→ **Task**: When duplicating the records beneath this instruction, omit every picture and keep all else exact.

··· Provided entries ···

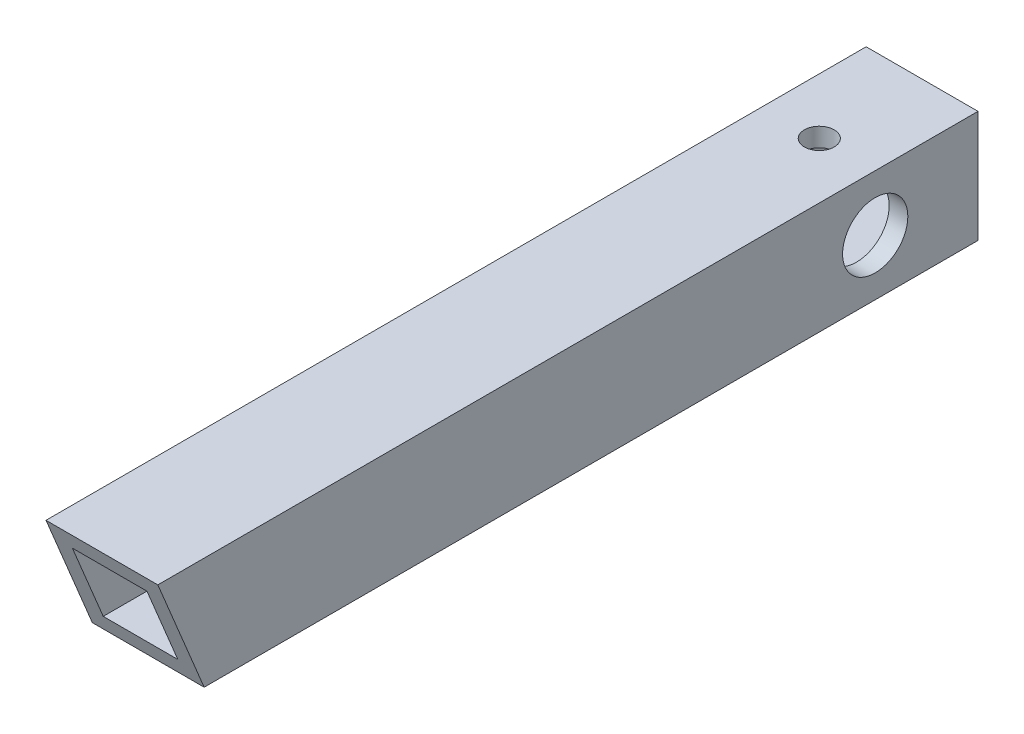
SolidWorks part; units mm, degrees
material "6061-T6 (SS)"
ref_plane "Front Plane" through (0, 0, 0) normal (0, 0, 1) x (1, 0, 0)
ref_plane "Top Plane" through (0, 0, 0) normal (0, 1, 0) x (1, 0, 0)
ref_plane "Right Plane" through (0, 0, 0) normal (1, 0, 0) x (0, 0, -1)
sketch "Sketch1" plane through (0, 0, 0) normal (0, 0, 1) x (1, 0, 0)
  line L1 (-9.525, -9.525) -> (9.525, -9.525)
  line L2 (-9.525, -9.525) -> (-9.525, 9.525)
  line L3 (-9.525, 9.525) -> (9.525, 9.525)
  line L4 (9.525, -9.525) -> (9.525, 9.525)
  line L5 (-9.525, -9.525) -> (9.525, 9.525) construction
  line L6 (-9.525, 9.525) -> (9.525, -9.525) construction
  line L7 (-6.35, -6.35) -> (6.35, -6.35)
  line L8 (-6.35, -6.35) -> (-6.35, 6.35)
  line L9 (-6.35, 6.35) -> (6.35, 6.35)
  line L10 (6.35, -6.35) -> (6.35, 6.35)
  line L11 (-6.35, -6.35) -> (6.35, 6.35) construction
  line L12 (-6.35, 6.35) -> (6.35, -6.35) construction
  point P0 (0, 0)
  point P5 (0, 0)
  dimension "D1" = 19.05
  dimension "D2" = 3.175
extrude "Boss-Extrude1" add sketch "Sketch1" along normal mid plane 139.7
sketch "Sketch2" plane through (9.525, 0, 0) normal (1, 0, 0) x (0, 0, -1)
  line L0 (-69.85, 9.525) -> (-61.9592, -9.525)
  line L1 (-69.85, -9.525) -> (69.85, -9.525) construction
  line L2 (-61.9592, -9.525) -> (-69.85, -9.525)
  line L3 (-69.85, -9.525) -> (-69.85, 9.525)
  line L7 (-69.85, -9.525) -> (-69.85, 9.525) construction
  dimension "D1" = 22.5
extrude "Cut-Extrude1" cut sketch "Sketch2" against normal through all
sketch "Sketch3" plane through (9.525, 0, 0) normal (1, 0, 0) x (0, 0, -1)
  circle A0 centre (52.3408, 0) radius 5.5562
  dimension "D1" = 11.1125
  dimension "D2" = 114.3
extrude "Cut-Extrude2" cut sketch "Sketch3" against normal through all
sketch "Sketch4" plane through (0, 9.525, 0) normal (0, 1, 0) x (1, 0, 0)
  line L0 (-9.525, 57.897) -> (-9.525, 46.7845) construction
  line L1 (-9.525, 57.897) -> (-9.525, 46.7845) construction
  line L2 (-9.525, 52.3408) -> (9.525, 52.3408) construction
  line L3 (9.525, -69.85) -> (9.525, 69.85) construction
  circle A0 centre (0, 52.3408) radius 2.54
  dimension "D1" = 5.08
extrude "Cut-Extrude3" cut sketch "Sketch4" against normal through all

···

→ **Expected answer**:
SolidWorks part; units mm, degrees
material "6061-T6 (SS)"
ref_plane "Front Plane" through (0, 0, 0) normal (0, 0, 1) x (1, 0, 0)
ref_plane "Top Plane" through (0, 0, 0) normal (0, 1, 0) x (1, 0, 0)
ref_plane "Right Plane" through (0, 0, 0) normal (1, 0, 0) x (0, 0, -1)
sketch "Sketch1" plane through (0, 0, 0) normal (0, 0, 1) x (1, 0, 0)
  line L1 (-9.525, -9.525) -> (9.525, -9.525)
  line L2 (-9.525, -9.525) -> (-9.525, 9.525)
  line L3 (-9.525, 9.525) -> (9.525, 9.525)
  line L4 (9.525, -9.525) -> (9.525, 9.525)
  line L5 (-9.525, -9.525) -> (9.525, 9.525) construction
  line L6 (-9.525, 9.525) -> (9.525, -9.525) construction
  line L7 (-6.35, -6.35) -> (6.35, -6.35)
  line L8 (-6.35, -6.35) -> (-6.35, 6.35)
  line L9 (-6.35, 6.35) -> (6.35, 6.35)
  line L10 (6.35, -6.35) -> (6.35, 6.35)
  line L11 (-6.35, -6.35) -> (6.35, 6.35) construction
  line L12 (-6.35, 6.35) -> (6.35, -6.35) construction
  point P0 (0, 0)
  point P5 (0, 0)
  dimension "D1" = 19.05
  dimension "D2" = 3.175
extrude "Boss-Extrude1" add sketch "Sketch1" along normal mid plane 139.7
sketch "Sketch2" plane through (9.525, 0, 0) normal (1, 0, 0) x (0, 0, -1)
  line L0 (-69.85, 9.525) -> (-61.9592, -9.525)
  line L1 (-69.85, -9.525) -> (69.85, -9.525) construction
  line L2 (-61.9592, -9.525) -> (-69.85, -9.525)
  line L3 (-69.85, -9.525) -> (-69.85, 9.525)
  line L7 (-69.85, -9.525) -> (-69.85, 9.525) construction
  dimension "D1" = 22.5
extrude "Cut-Extrude1" cut sketch "Sketch2" against normal through all
sketch "Sketch3" plane through (9.525, 0, 0) normal (1, 0, 0) x (0, 0, -1)
  circle A0 centre (52.3408, 0) radius 5.5562
  dimension "D1" = 11.1125
  dimension "D2" = 114.3
extrude "Cut-Extrude2" cut sketch "Sketch3" against normal through all
sketch "Sketch4" plane through (0, 9.525, 0) normal (0, 1, 0) x (1, 0, 0)
  line L0 (-9.525, 57.897) -> (-9.525, 46.7845) construction
  line L1 (-9.525, 57.897) -> (-9.525, 46.7845) construction
  line L2 (-9.525, 52.3408) -> (9.525, 52.3408) construction
  line L3 (9.525, -69.85) -> (9.525, 69.85) construction
  circle A0 centre (0, 52.3408) radius 2.54
  dimension "D1" = 5.08
extrude "Cut-Extrude3" cut sketch "Sketch4" against normal through all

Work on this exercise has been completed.